The reference launch script is:
repos/harbor-verl-train/scripts/fully_async_3nodes_qwen35_ohsdk_veomni.shIts default layout is 3 nodes — 2 trainer nodes + 1 rollout node — with SP=4 to fit the ≈131k window. A few knobs govern the async behaviour:
| Knob | Role |
|---|---|
staleness_threshold | How many param-versions stale a rollout may be before the trainer waits (0 = strict on-policy; 1 tolerates a throughput dip) |
train_bsz × n_resp_per_prompt | Effective batch = prompts × rollouts/prompt. Official 64×8; smoke 8×4 |
max_concurrent_samples | How many trials run in parallel — the main lever for hiding env-execution latency |
Smoke before the official run
Always validate a new scaffold/cluster with the smoke batch
(TRAIN_BSZ=8 N_RESP=4) before the official 64×8. The small batch is ~8×
faster per step but gives noisy gradients and degenerate all-same-reward groups —
it is for plumbing validation, not for reading learning quality.
veomni engine (MoE)
For MoE policies, set USE_NEW_VERL=1 so import verl resolves to the
verl-swe_agent_opd_dev checkout (on PYTHONPATH). Only that tree has the
veomni engine_workers router-replay wiring
(actor.veomni.router_replay.mode) and the async-rollouter routed_experts
concat fixes; the old installed verl's veomni engine is unvalidated for this
path. Dense models can stay on FSDP.
Setup write-up:
repos/harbor-verl-train/docs/training_env/veomni-engine-setup-and-run-20260610.md· routing coverage fix:…/r3-routing-coverage-rootcause-fix-20260610.md
OH-SDK scaffold
claude-code is the single-node default. For the multi-node path the validated
alternative is the OpenHands-SDK scaffold, which uses an image-mounted
runtime (the SDK pre-baked into the agent image) instead of an in-pod venv
install — the latter fails on no-egress task pods. Select it with
HARBOR_AGENT_NAME=null so harbor loads the mounted-runtime-aware
import_path class rather than the registry default.

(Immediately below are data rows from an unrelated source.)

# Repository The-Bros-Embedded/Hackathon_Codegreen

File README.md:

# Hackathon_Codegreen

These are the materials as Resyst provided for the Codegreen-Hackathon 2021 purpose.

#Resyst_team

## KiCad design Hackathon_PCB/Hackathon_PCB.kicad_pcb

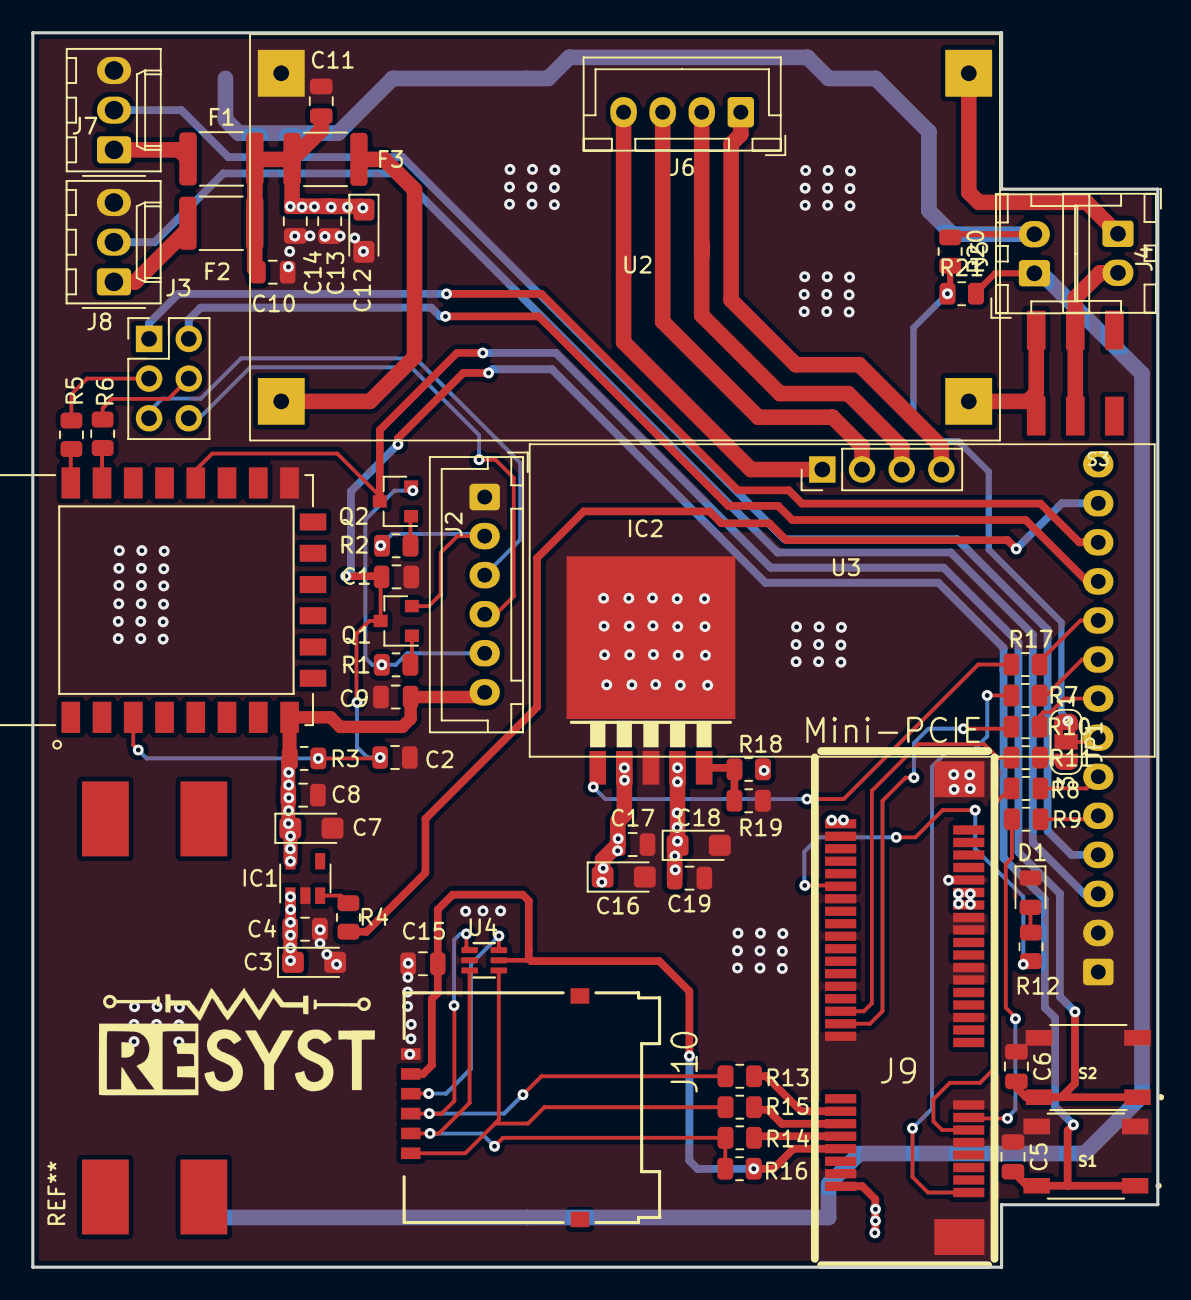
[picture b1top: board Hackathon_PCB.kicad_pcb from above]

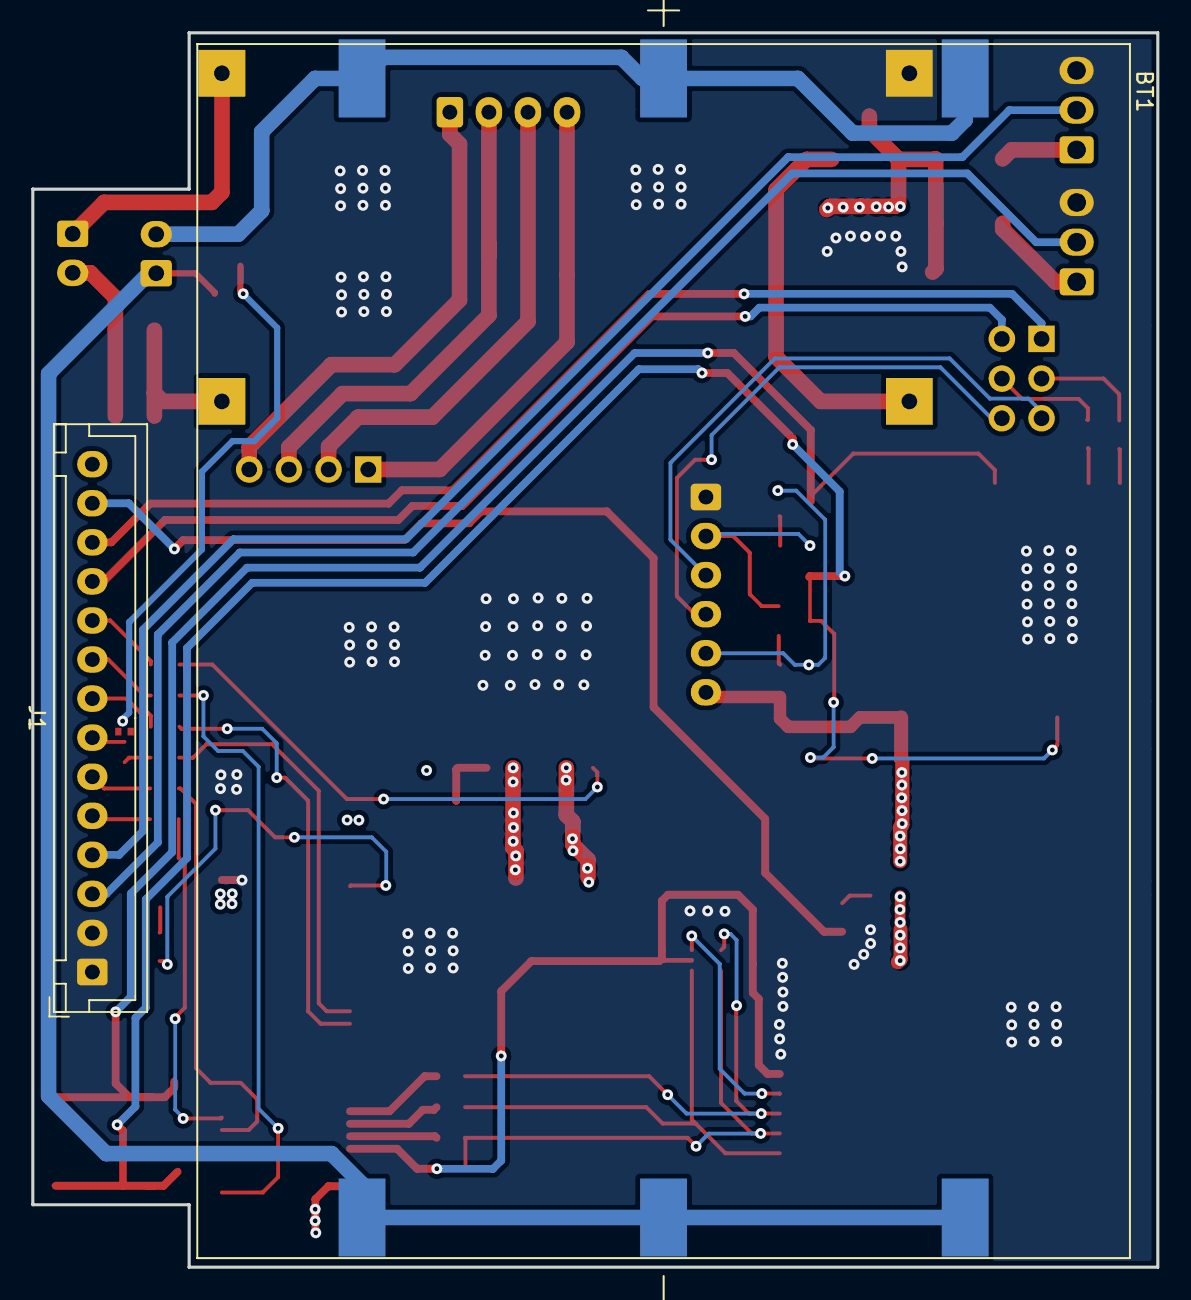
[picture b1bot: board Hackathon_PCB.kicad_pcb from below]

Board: 4 copper layers, 72.0 x 79.0 mm, 67 parts (2 on the bottom side), 59 nets.

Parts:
BT1: Holder-18650-3; BAT18650_Holder
C1, C2, C4, C5, C6, C8, C9, C10, C11, C14, C15: 100nf; C_0805_2012Metric
C3, C7: 1uF; CP_EIA-3216-18_Kemet-A
C12: 10uF; CP_EIA-3216-18_Kemet-A
C13: 1uF; C_0805_2012Metric
C16, C18: CP; CP_EIA-3216-18_Kemet-A
C17, C19: C; C_0805_2012Metric
D1: LED; LED_0805_2012Metric
F1, F2, F3: Polyfuse; Fuse_1812_4532Metric
IC1: ME6211; SOT-23-5
IC2: MIC29302WU
J1: Conn_01x14; JST_XH_B14B-XH-A_1x14_P2.50mm_Vertical
J2: Conn_01x06; JST_XH_B6B-XH-A_1x06_P2.50mm_Vertical
J3: Conn_02x03_Odd_Even; PinHeader_2x03_P2.54mm_Vertical
J4, J5: Conn_01x02; JST_XH_B2B-XH-A_1x02_P2.50mm_Vertical
J6: Conn_01x04; JST_XH_B4B-XH-A_1x04_P2.50mm_Vertical
J7, J8: Conn_01x03; Molex_KK-254_AE-6410-03A_1x03_P2.54mm_Vertical
J9: Mini-PCIE; mpcie-socket
J10: Simcard-Connector
JP1: Jumper_3_Bridged12; SolderJumper-3_P1.3mm_Bridged2Bar12_RoundedPad1.0x1.5mm_Num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
Q1, Q2: Q_NPN_BEC; SOT-23
R1, R2, R3: 10K; R_0805_2012Metric
R4: 1M; R_0805_2012Metric
R5, R6: 0; R_0805_2012Metric
R7, R8, R9, R10, R11, R12, R13, R14, R15, R17, R18, R19: 22; R_0805_2012Metric
R16: 15K; R_0805_2012Metric
R20, R21: R; R_0805_2012Metric
S1, S2: SW_Tactile
S3: SW_DPDT
U1: ESP32C3-12F; ESP8266
U2: Buck-boost-module
U3: solar_charger; Solar_Charger
U4: SMF05CT1G

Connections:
+5V: C3.1, C4.1, C10.1, C11.1, C12.1, C13.1, C14.1, C16.1, C17.1, F1.2, F2.2, F3.1, IC1.1, IC2.2, J1.14
/BAT_STAT: JP1.1, R20.2, R21.1
/DHT_DATA: J1.3, J8.2
/ESP32C3-12F-Minsys/CHIP_EN: C1.1, C2.1, C5.2, Q1.3, R3.1, S1.1, S1.2, U1.3
/ESP32C3-12F-Minsys/DTR: J2.5, Q2.2, R1.1
/ESP32C3-12F-Minsys/ESP_VCC: C7.1, C8.1, C9.2, IC1.5, J2.6, R3.2, U1.8
/ESP32C3-12F-Minsys/IO9: C6.2, Q2.3, S2.1, S2.2, U1.18
/ESP32C3-12F-Minsys/RTS: J2.2, Q1.2, R2.1
/ESP32C3-12F-Minsys/RXD: R6.2, U1.21
/ESP32C3-12F-Minsys/RXD0: J2.3, J3.5
/ESP32C3-12F-Minsys/TXD: R5.1, U1.22
/ESP32C3-12F-Minsys/TXD0: J2.4, J3.6
/ESP_EN: J1.13, R4.2
/ESP_RX: J1.12, J3.1
/ESP_TX: J1.11, J3.2
/GAS_DATA: J1.4, J7.2
/M_DIS: J1.8, R10.1
/M_EN: J1.10, R17.1
/M_PERST: JP1.3, R11.1
/M_RX: J1.6, R8.2
/M_TX: J1.5, R9.2
/M_WAKE: J1.9, R7.2
/Modem/SIM_CLK: J9.12, R15.2
/Modem/SIM_DATA: J9.10, R14.2
/Modem/SIM_RST: J9.14, R13.2
/Modem/SIM_VDD: C15.1, J9.8, J10.C1, R16.2, U4.5
/Modem/VCC_MODEM: C18.1, C19.1, IC2.4, J9.2, J9.39, J9.41, J9.52, R18.2
/PERST: J1.7, JP1.2
GND: C1.2, C2.2, C3.2, C4.2, C5.1, C6.1, C7.2, C8.2, C9.1, C10.2, C11.2, C12.2, C13.2, C14.2, C15.2, C16.2, C17.2, C18.2, C19.2, D1.1, IC1.2, IC2.3, IC2.6, J1.1, J1.2, J2.1, J7.3, J8.3, J9.4, J9.9, J9.15, J9.18, J9.21, J9.26, J9.27, J9.29, J9.34, J9.35, J9.37, J9.40, J9.43, J9.50, J9.SH1, J9.SH2, J10.C5, R19.1, S1.3, S1.4, S2.3, S2.4, U1.15, U2.3, U4.2
unnamed: BT1.1+, BT1.2+, BT1.3+, J5.2, R20.1
unnamed: BT1.1-, BT1.2-, BT1.3-, J5.1, R21.2
unnamed: D1.2, R12.1
unnamed: F1.1, J7.1
unnamed: F2.1, J8.1
unnamed: F3.2, U2.4
unnamed: IC1.3, R4.1
unnamed: IC2.1, R17.2
unnamed: IC2.5, R18.1, R19.2
unnamed: J3.3, R5.2
unnamed: J3.4, R6.1
unnamed: J4.1, U2.2
unnamed: J4.2, S3.2, S3.5
unnamed: J6.1, U3.4
unnamed: J6.2, U3.3
unnamed: J6.3, U3.2
unnamed: J6.4, U3.1
unnamed: J9.1, R7.1
unnamed: J9.11, R8.1
unnamed: J9.13, R9.1
unnamed: J9.20, R10.2
unnamed: J9.22, R11.2
unnamed: J9.42, R12.2
unnamed: J10.C2, R13.1, U4.1
unnamed: J10.C3, R15.1, U4.4
unnamed: J10.C6, U4.6
unnamed: J10.C7, R14.1, R16.1, U4.3
unnamed: Q1.1, R1.2
unnamed: Q2.1, R2.2
unnamed: S3.3, S3.6, U2.1

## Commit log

2021-11-15 initial commit
    initial commit
2021-11-21 commit
    commit
2021-11-23 initial commit
    commit

Scaffold pitfall (name vs import_path):
repos/harbor-verl-train/docs/training_env/ohsdk-agent-name-vs-import-path-20260613.md
What to watch on a fully-async run
Beyond the single-node metrics, the async path adds a few signals worth a glance each step:
| Metric | Read |
|---|---|
fully_async/trainer/idle_ratio | Fraction of the step the trainer waits on rollouts — high = rollout-bound (raise concurrency or rollout capacity) |
rollout_corr/kl | Rollout-vs-training logprob fidelity — should be ≈3e-4; a spike means scaffold/routing corruption |
fully_async/partial/partial_ratio | Share of partial (staleness-bounded) rollouts |
trajectory_filter/invalid_ratio | Share of trajectories dropped before the update |
Advanced-path failure modes
The async/MoE path has its own silent killers — a reward drop traced to
trajectory filtering / sequence-distribution drift, routing-coverage loss under
multi-turn replay, and importance-sampling ESS collapse on very long
responses (set rollout_is=null and use token-level IS, not sequence-level).
Start from the v6 analysis:
repos/harbor-verl-train/docs/training_env/reward_drop_analysis_v6_20260612.md.